Records from a data source:

=== Begin Enclosure ===

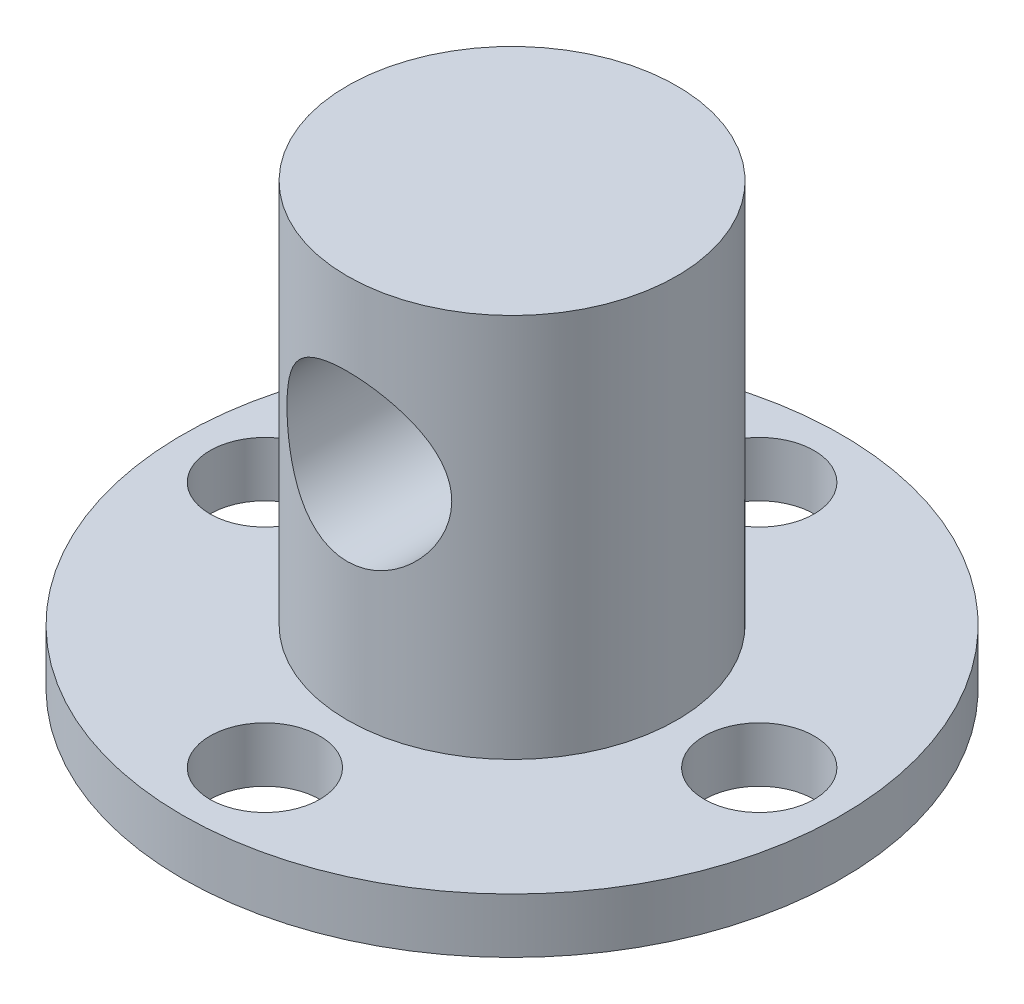
ISO-10303-21;
HEADER;
FILE_DESCRIPTION(('STEP AP214'),'2;1');
FILE_NAME('part.step','',(''),(''),'','','');
FILE_SCHEMA(('AUTOMOTIVE_DESIGN { 1 0 10303 214 1 1 1 1 }'));
ENDSEC;
DATA;
#1=APPLICATION_CONTEXT('core data for automotive mechanical design processes');
#2=APPLICATION_PROTOCOL_DEFINITION('international standard','automotive_design',2000,#1);
#3=PRODUCT_CONTEXT('',#1,'mechanical');
#4=PRODUCT('Part','Part','',(#3));
#5=PRODUCT_RELATED_PRODUCT_CATEGORY('part','',(#4));
#6=PRODUCT_DEFINITION_FORMATION('','',#4);
#7=PRODUCT_DEFINITION_CONTEXT('part definition',#1,'design');
#8=PRODUCT_DEFINITION('design','',#6,#7);
#9=PRODUCT_DEFINITION_SHAPE('','',#8);
#10=(LENGTH_UNIT() NAMED_UNIT(*) SI_UNIT(.MILLI.,.METRE.));
#11=(NAMED_UNIT(*) PLANE_ANGLE_UNIT() SI_UNIT($,.RADIAN.));
#12=(NAMED_UNIT(*) SI_UNIT($,.STERADIAN.) SOLID_ANGLE_UNIT());
#13=UNCERTAINTY_MEASURE_WITH_UNIT(LENGTH_MEASURE(1.E-05),#10,'distance_accuracy_value','');
#14=(GEOMETRIC_REPRESENTATION_CONTEXT(3) GLOBAL_UNCERTAINTY_ASSIGNED_CONTEXT((#13)) GLOBAL_UNIT_ASSIGNED_CONTEXT((#10,
#11,#12)) REPRESENTATION_CONTEXT('',''));
#15=CARTESIAN_POINT('',(0.,0.,0.));
#16=DIRECTION('',(0.,0.,1.));
#17=DIRECTION('',(1.,0.,0.));
#18=AXIS2_PLACEMENT_3D('',#15,#16,#17);
#19=CARTESIAN_POINT('',(0.,5.,0.));
#20=DIRECTION('',(0.,-1.,0.));
#21=DIRECTION('',(0.,0.,-1.));
#22=AXIS2_PLACEMENT_3D('',#19,#20,#21);
#23=CYLINDRICAL_SURFACE('',#22,30.);
#24=CARTESIAN_POINT('',(0.,5.,0.));
#25=DIRECTION('',(0.,1.,0.));
#26=DIRECTION('',(0.,0.,1.));
#27=AXIS2_PLACEMENT_3D('',#24,#25,#26);
#28=CIRCLE('',#27,30.);
#29=CARTESIAN_POINT('',(0.,5.,30.));
#30=VERTEX_POINT('',#29);
#31=EDGE_CURVE('E43',#30,#30,#28,.T.);
#32=ORIENTED_EDGE('',*,*,#31,.F.);
#33=EDGE_LOOP('',(#32));
#34=FACE_BOUND('',#33,.T.);
#35=CARTESIAN_POINT('',(0.,0.,0.));
#36=DIRECTION('',(0.,1.,0.));
#37=DIRECTION('',(0.,0.,1.));
#38=AXIS2_PLACEMENT_3D('',#35,#36,#37);
#39=CIRCLE('',#38,30.);
#40=CARTESIAN_POINT('',(0.,0.,30.));
#41=VERTEX_POINT('',#40);
#42=EDGE_CURVE('E47',#41,#41,#39,.T.);
#43=ORIENTED_EDGE('',*,*,#42,.T.);
#44=EDGE_LOOP('',(#43));
#45=FACE_BOUND('',#44,.T.);
#46=ADVANCED_FACE('F31',(#34,#45),#23,.T.);
#47=CARTESIAN_POINT('',(0.,5.,0.));
#48=DIRECTION('',(0.,1.,0.));
#49=DIRECTION('',(0.,0.,1.));
#50=AXIS2_PLACEMENT_3D('',#47,#48,#49);
#51=PLANE('',#50);
#52=CARTESIAN_POINT('',(0.,5.,0.));
#53=DIRECTION('',(0.,1.,0.));
#54=DIRECTION('',(0.,0.,1.));
#55=AXIS2_PLACEMENT_3D('',#52,#53,#54);
#56=CIRCLE('',#55,15.);
#57=CARTESIAN_POINT('',(0.,5.,15.));
#58=VERTEX_POINT('',#57);
#59=EDGE_CURVE('E95',#58,#58,#56,.T.);
#60=ORIENTED_EDGE('',*,*,#59,.F.);
#61=EDGE_LOOP('',(#60));
#62=FACE_BOUND('',#61,.T.);
#63=CARTESIAN_POINT('',(0.,5.,-22.5));
#64=DIRECTION('',(0.,1.,0.));
#65=DIRECTION('',(0.,0.,1.));
#66=AXIS2_PLACEMENT_3D('',#63,#64,#65);
#67=CIRCLE('',#66,5.);
#68=CARTESIAN_POINT('',(0.,5.,-17.5));
#69=VERTEX_POINT('',#68);
#70=EDGE_CURVE('E87',#69,#69,#67,.T.);
#71=ORIENTED_EDGE('',*,*,#70,.F.);
#72=EDGE_LOOP('',(#71));
#73=FACE_BOUND('',#72,.T.);
#74=CARTESIAN_POINT('',(22.5000000000003,5.,-3.50525861533354E-13));
#75=DIRECTION('',(0.,1.,0.));
#76=DIRECTION('',(0.,0.,1.));
#77=AXIS2_PLACEMENT_3D('',#74,#75,#76);
#78=CIRCLE('',#77,5.);
#79=CARTESIAN_POINT('',(22.5000000000003,5.,4.99999999999965));
#80=VERTEX_POINT('',#79);
#81=EDGE_CURVE('E100',#80,#80,#78,.T.);
#82=ORIENTED_EDGE('',*,*,#81,.F.);
#83=EDGE_LOOP('',(#82));
#84=FACE_BOUND('',#83,.T.);
#85=CARTESIAN_POINT('',(7.01051723066708E-13,5.,22.5));
#86=DIRECTION('',(0.,1.,0.));
#87=DIRECTION('',(0.,0.,1.));
#88=AXIS2_PLACEMENT_3D('',#85,#86,#87);
#89=CIRCLE('',#88,5.);
#90=CARTESIAN_POINT('',(7.01051723066708E-13,5.,27.5));
#91=VERTEX_POINT('',#90);
#92=EDGE_CURVE('E106',#91,#91,#89,.T.);
#93=ORIENTED_EDGE('',*,*,#92,.F.);
#94=EDGE_LOOP('',(#93));
#95=FACE_BOUND('',#94,.T.);
#96=CARTESIAN_POINT('',(-22.4999999999996,5.,3.53281316831436E-13));
#97=DIRECTION('',(0.,1.,0.));
#98=DIRECTION('',(0.,0.,1.));
#99=AXIS2_PLACEMENT_3D('',#96,#97,#98);
#100=CIRCLE('',#99,5.);
#101=CARTESIAN_POINT('',(-22.4999999999996,5.,5.00000000000035));
#102=VERTEX_POINT('',#101);
#103=EDGE_CURVE('E112',#102,#102,#100,.T.);
#104=ORIENTED_EDGE('',*,*,#103,.F.);
#105=EDGE_LOOP('',(#104));
#106=FACE_BOUND('',#105,.T.);
#107=ORIENTED_EDGE('',*,*,#31,.T.);
#108=EDGE_LOOP('',(#107));
#109=FACE_BOUND('',#108,.T.);
#110=ADVANCED_FACE('F72',(#62,#73,#84,#95,#106,#109),#51,.T.);
#111=CARTESIAN_POINT('',(0.,0.,0.));
#112=DIRECTION('',(0.,1.,0.));
#113=DIRECTION('',(0.,0.,1.));
#114=AXIS2_PLACEMENT_3D('',#111,#112,#113);
#115=PLANE('',#114);
#116=CARTESIAN_POINT('',(0.,0.,-22.5));
#117=DIRECTION('',(0.,1.,0.));
#118=DIRECTION('',(0.,0.,1.));
#119=AXIS2_PLACEMENT_3D('',#116,#117,#118);
#120=CIRCLE('',#119,5.);
#121=CARTESIAN_POINT('',(0.,0.,-17.5));
#122=VERTEX_POINT('',#121);
#123=EDGE_CURVE('E85',#122,#122,#120,.T.);
#124=ORIENTED_EDGE('',*,*,#123,.T.);
#125=EDGE_LOOP('',(#124));
#126=FACE_BOUND('',#125,.T.);
#127=CARTESIAN_POINT('',(22.5000000000003,0.,-3.50525861533354E-13));
#128=DIRECTION('',(0.,1.,0.));
#129=DIRECTION('',(0.,0.,1.));
#130=AXIS2_PLACEMENT_3D('',#127,#128,#129);
#131=CIRCLE('',#130,5.);
#132=CARTESIAN_POINT('',(22.5000000000003,0.,4.99999999999965));
#133=VERTEX_POINT('',#132);
#134=EDGE_CURVE('E92',#133,#133,#131,.T.);
#135=ORIENTED_EDGE('',*,*,#134,.T.);
#136=EDGE_LOOP('',(#135));
#137=FACE_BOUND('',#136,.T.);
#138=CARTESIAN_POINT('',(7.01051723066708E-13,0.,22.5));
#139=DIRECTION('',(0.,1.,0.));
#140=DIRECTION('',(0.,0.,1.));
#141=AXIS2_PLACEMENT_3D('',#138,#139,#140);
#142=CIRCLE('',#141,5.);
#143=CARTESIAN_POINT('',(7.01051723066708E-13,0.,27.5));
#144=VERTEX_POINT('',#143);
#145=EDGE_CURVE('E103',#144,#144,#142,.T.);
#146=ORIENTED_EDGE('',*,*,#145,.T.);
#147=EDGE_LOOP('',(#146));
#148=FACE_BOUND('',#147,.T.);
#149=CARTESIAN_POINT('',(-22.4999999999996,0.,3.53281316831436E-13));
#150=DIRECTION('',(0.,1.,0.));
#151=DIRECTION('',(0.,0.,1.));
#152=AXIS2_PLACEMENT_3D('',#149,#150,#151);
#153=CIRCLE('',#152,5.);
#154=CARTESIAN_POINT('',(-22.4999999999996,0.,5.00000000000035));
#155=VERTEX_POINT('',#154);
#156=EDGE_CURVE('E109',#155,#155,#153,.T.);
#157=ORIENTED_EDGE('',*,*,#156,.T.);
#158=EDGE_LOOP('',(#157));
#159=FACE_BOUND('',#158,.T.);
#160=ORIENTED_EDGE('',*,*,#42,.F.);
#161=EDGE_LOOP('',(#160));
#162=FACE_BOUND('',#161,.T.);
#163=ADVANCED_FACE('F77',(#126,#137,#148,#159,#162),#115,.F.);
#164=CARTESIAN_POINT('',(-22.4999999999996,0.,3.53281316831436E-13));
#165=DIRECTION('',(0.,1.,0.));
#166=DIRECTION('',(0.,0.,1.));
#167=AXIS2_PLACEMENT_3D('',#164,#165,#166);
#168=CYLINDRICAL_SURFACE('',#167,5.);
#169=ORIENTED_EDGE('',*,*,#156,.F.);
#170=EDGE_LOOP('',(#169));
#171=FACE_BOUND('',#170,.T.);
#172=ORIENTED_EDGE('',*,*,#103,.T.);
#173=EDGE_LOOP('',(#172));
#174=FACE_BOUND('',#173,.T.);
#175=ADVANCED_FACE('F137',(#171,#174),#168,.F.);
#176=CARTESIAN_POINT('',(7.01051723066708E-13,0.,22.5));
#177=DIRECTION('',(0.,1.,0.));
#178=DIRECTION('',(0.,0.,1.));
#179=AXIS2_PLACEMENT_3D('',#176,#177,#178);
#180=CYLINDRICAL_SURFACE('',#179,5.);
#181=ORIENTED_EDGE('',*,*,#145,.F.);
#182=EDGE_LOOP('',(#181));
#183=FACE_BOUND('',#182,.T.);
#184=ORIENTED_EDGE('',*,*,#92,.T.);
#185=EDGE_LOOP('',(#184));
#186=FACE_BOUND('',#185,.T.);
#187=ADVANCED_FACE('F134',(#183,#186),#180,.F.);
#188=CARTESIAN_POINT('',(22.5000000000003,0.,-3.50525861533354E-13));
#189=DIRECTION('',(0.,1.,0.));
#190=DIRECTION('',(0.,0.,1.));
#191=AXIS2_PLACEMENT_3D('',#188,#189,#190);
#192=CYLINDRICAL_SURFACE('',#191,5.);
#193=ORIENTED_EDGE('',*,*,#134,.F.);
#194=EDGE_LOOP('',(#193));
#195=FACE_BOUND('',#194,.T.);
#196=ORIENTED_EDGE('',*,*,#81,.T.);
#197=EDGE_LOOP('',(#196));
#198=FACE_BOUND('',#197,.T.);
#199=ADVANCED_FACE('F136',(#195,#198),#192,.F.);
#200=CARTESIAN_POINT('',(0.,0.,-22.5));
#201=DIRECTION('',(0.,1.,0.));
#202=DIRECTION('',(0.,0.,1.));
#203=AXIS2_PLACEMENT_3D('',#200,#201,#202);
#204=CYLINDRICAL_SURFACE('',#203,5.);
#205=ORIENTED_EDGE('',*,*,#123,.F.);
#206=EDGE_LOOP('',(#205));
#207=FACE_BOUND('',#206,.T.);
#208=ORIENTED_EDGE('',*,*,#70,.T.);
#209=EDGE_LOOP('',(#208));
#210=FACE_BOUND('',#209,.T.);
#211=ADVANCED_FACE('F68',(#207,#210),#204,.F.);
#212=CARTESIAN_POINT('',(0.,40.,0.));
#213=DIRECTION('',(0.,-1.,0.));
#214=DIRECTION('',(0.,0.,-1.));
#215=AXIS2_PLACEMENT_3D('',#212,#213,#214);
#216=CYLINDRICAL_SURFACE('',#215,15.);
#217=CARTESIAN_POINT('',(0.,32.5,-15.));
#218=CARTESIAN_POINT('',(-0.197233319634611,32.499999341654,-14.999999396748));
#219=CARTESIAN_POINT('',(-0.394480447697188,32.4922108377573,-14.9961007967494));
#220=CARTESIAN_POINT('',(-0.787521887153942,32.4611456581467,-14.9806046675974));
#221=CARTESIAN_POINT('',(-0.983315529042055,32.4378622445816,-14.9690037891684));
#222=CARTESIAN_POINT('',(-1.37217475867236,32.3760388485693,-14.9383810125726));
#223=CARTESIAN_POINT('',(-1.56523604806031,32.3374771113552,-14.9193485331296));
#224=CARTESIAN_POINT('',(-1.94703954292032,32.2455239578868,-14.8743407347001));
#225=CARTESIAN_POINT('',(-2.13577994705356,32.1921264743558,-14.8483625753491));
#226=CARTESIAN_POINT('',(-2.50682232648196,32.0713319041374,-14.7902312659494));
#227=CARTESIAN_POINT('',(-2.68914865467159,32.0039964765359,-14.7581053582234));
#228=CARTESIAN_POINT('',(-3.04717071465554,31.8558245945216,-14.6883654003789));
#229=CARTESIAN_POINT('',(-3.22286404618521,31.7749833091165,-14.6507493870819));
#230=CARTESIAN_POINT('',(-3.73833299838093,31.5133058044315,-14.5309652318162));
#231=CARTESIAN_POINT('',(-4.06690309396203,31.3131824899911,-14.4417945935421));
#232=CARTESIAN_POINT('',(-4.70640207469269,30.8535616950305,-14.2466964933283));
#233=CARTESIAN_POINT('',(-5.01506114711124,30.5912046579631,-14.1400816438171));
#234=CARTESIAN_POINT('',(-5.44308231880778,30.1636850023522,-13.9784212341451));
#235=CARTESIAN_POINT('',(-5.58001386248577,30.0153957286268,-13.9242051894336));
#236=CARTESIAN_POINT('',(-5.84165491097173,29.708054400909,-13.8164776143495));
#237=CARTESIAN_POINT('',(-5.96636238182052,29.5490005632221,-13.7629662024985));
#238=CARTESIAN_POINT('',(-6.21203614609388,29.2081027637479,-13.6539394008806));
#239=CARTESIAN_POINT('',(-6.33195448776317,29.0254486327018,-13.5985925588041));
#240=CARTESIAN_POINT('',(-6.5558172168629,28.6495328333444,-13.492094780061));
#241=CARTESIAN_POINT('',(-6.65976829479199,28.4562756541759,-13.4409420901999));
#242=CARTESIAN_POINT('',(-6.85079105860991,28.0602253984706,-13.3445910586524));
#243=CARTESIAN_POINT('',(-6.93786789550111,27.8574352555122,-13.2993909012604));
#244=CARTESIAN_POINT('',(-7.09420885808462,27.4435855881661,-13.2166574842323));
#245=CARTESIAN_POINT('',(-7.16347495754886,27.2325269830727,-13.1791233751457));
#246=CARTESIAN_POINT('',(-7.27969095551671,26.81656370687,-13.1152671777941));
#247=CARTESIAN_POINT('',(-7.32772731202127,26.61204530522,-13.088409003038));
#248=CARTESIAN_POINT('',(-7.40657415403486,26.1987126545535,-13.0439533148363));
#249=CARTESIAN_POINT('',(-7.43738537640827,25.9898985896951,-13.0263554052528));
#250=CARTESIAN_POINT('',(-7.48128583073153,25.5699890488967,-13.0011924893624));
#251=CARTESIAN_POINT('',(-7.49439005257303,25.3588956553363,-12.993618996979));
#252=CARTESIAN_POINT('',(-7.50270600478308,24.9362481207691,-12.9888194928446));
#253=CARTESIAN_POINT('',(-7.49791944225105,24.7246940256466,-12.9915924938538));
#254=CARTESIAN_POINT('',(-7.4721872371211,24.3284463588686,-13.0064057924061));
#255=CARTESIAN_POINT('',(-7.4532487913187,24.143574771867,-13.0172945533465));
#256=CARTESIAN_POINT('',(-7.40181622089091,23.7762705501265,-13.0466085215773));
#257=CARTESIAN_POINT('',(-7.36931761586149,23.5938387420938,-13.065036219764));
#258=CARTESIAN_POINT('',(-7.29114561844775,23.2327060817986,-13.1088213055836));
#259=CARTESIAN_POINT('',(-7.24547400171689,23.054004730169,-13.1341777592319));
#260=CARTESIAN_POINT('',(-7.14141020631304,22.701285292152,-13.1910489784068));
#261=CARTESIAN_POINT('',(-7.083012950831,22.5272691060997,-13.222566201213));
#262=CARTESIAN_POINT('',(-6.95255736213899,22.1809652803046,-13.2916331750086));
#263=CARTESIAN_POINT('',(-6.88021734471417,22.0088080124419,-13.3293043213991));
#264=CARTESIAN_POINT('',(-6.72336395223287,21.6711780704148,-13.4091058014596));
#265=CARTESIAN_POINT('',(-6.6388465328977,21.5057076405097,-13.4512376153395));
#266=CARTESIAN_POINT('',(-6.36789880537373,21.0204162252512,-13.5827161365204));
#267=CARTESIAN_POINT('',(-6.16401254035423,20.7115559327346,-13.6771793137099));
#268=CARTESIAN_POINT('',(-5.68542700201843,20.0910010807055,-13.8835116827651));
#269=CARTESIAN_POINT('',(-5.40502682962122,19.783912836628,-13.9960691755619));
#270=CARTESIAN_POINT('',(-4.9488124727457,19.3606371814819,-14.1610583156088));
#271=CARTESIAN_POINT('',(-4.79069598182254,19.225699194122,-14.2154461134507));
#272=CARTESIAN_POINT('',(-4.46319636456159,18.9689852051238,-14.3216433742747));
#273=CARTESIAN_POINT('',(-4.29381176943408,18.8472109248178,-14.3734524995837));
#274=CARTESIAN_POINT('',(-3.93649737411745,18.6123701181065,-14.4755004113358));
#275=CARTESIAN_POINT('',(-3.74807068630636,18.4999775677542,-14.5255523150678));
#276=CARTESIAN_POINT('',(-3.36104932929111,18.2916761079377,-14.6199518429338));
#277=CARTESIAN_POINT('',(-3.16245928376597,18.1957597878568,-14.6643020292947));
#278=CARTESIAN_POINT('',(-2.75644498721039,18.0214040648737,-14.7460120172744));
#279=CARTESIAN_POINT('',(-2.54902420588261,17.9429578718744,-14.7833745338763));
#280=CARTESIAN_POINT('',(-2.12686703288174,17.8044619712916,-14.8499857401209));
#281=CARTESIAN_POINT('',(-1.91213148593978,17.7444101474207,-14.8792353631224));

=== End Enclosure ===

Look above for the line with "#113=DIRECTION('',(0.,0.,1.));" and the line with "#157=ORIENTED_EDGE('',*,*,#156,.T.);". Write out those two lines and all the lines between them, exactly, and no others.

> _WRITTEN ANSWER_
#113=DIRECTION('',(0.,0.,1.));
#114=AXIS2_PLACEMENT_3D('',#111,#112,#113);
#115=PLANE('',#114);
#116=CARTESIAN_POINT('',(0.,0.,-22.5));
#117=DIRECTION('',(0.,1.,0.));
#118=DIRECTION('',(0.,0.,1.));
#119=AXIS2_PLACEMENT_3D('',#116,#117,#118);
#120=CIRCLE('',#119,5.);
#121=CARTESIAN_POINT('',(0.,0.,-17.5));
#122=VERTEX_POINT('',#121);
#123=EDGE_CURVE('E85',#122,#122,#120,.T.);
#124=ORIENTED_EDGE('',*,*,#123,.T.);
#125=EDGE_LOOP('',(#124));
#126=FACE_BOUND('',#125,.T.);
#127=CARTESIAN_POINT('',(22.5000000000003,0.,-3.50525861533354E-13));
#128=DIRECTION('',(0.,1.,0.));
#129=DIRECTION('',(0.,0.,1.));
#130=AXIS2_PLACEMENT_3D('',#127,#128,#129);
#131=CIRCLE('',#130,5.);
#132=CARTESIAN_POINT('',(22.5000000000003,0.,4.99999999999965));
#133=VERTEX_POINT('',#132);
#134=EDGE_CURVE('E92',#133,#133,#131,.T.);
#135=ORIENTED_EDGE('',*,*,#134,.T.);
#136=EDGE_LOOP('',(#135));
#137=FACE_BOUND('',#136,.T.);
#138=CARTESIAN_POINT('',(7.01051723066708E-13,0.,22.5));
#139=DIRECTION('',(0.,1.,0.));
#140=DIRECTION('',(0.,0.,1.));
#141=AXIS2_PLACEMENT_3D('',#138,#139,#140);
#142=CIRCLE('',#141,5.);
#143=CARTESIAN_POINT('',(7.01051723066708E-13,0.,27.5));
#144=VERTEX_POINT('',#143);
#145=EDGE_CURVE('E103',#144,#144,#142,.T.);
#146=ORIENTED_EDGE('',*,*,#145,.T.);
#147=EDGE_LOOP('',(#146));
#148=FACE_BOUND('',#147,.T.);
#149=CARTESIAN_POINT('',(-22.4999999999996,0.,3.53281316831436E-13));
#150=DIRECTION('',(0.,1.,0.));
#151=DIRECTION('',(0.,0.,1.));
#152=AXIS2_PLACEMENT_3D('',#149,#150,#151);
#153=CIRCLE('',#152,5.);
#154=CARTESIAN_POINT('',(-22.4999999999996,0.,5.00000000000035));
#155=VERTEX_POINT('',#154);
#156=EDGE_CURVE('E109',#155,#155,#153,.T.);
#157=ORIENTED_EDGE('',*,*,#156,.T.);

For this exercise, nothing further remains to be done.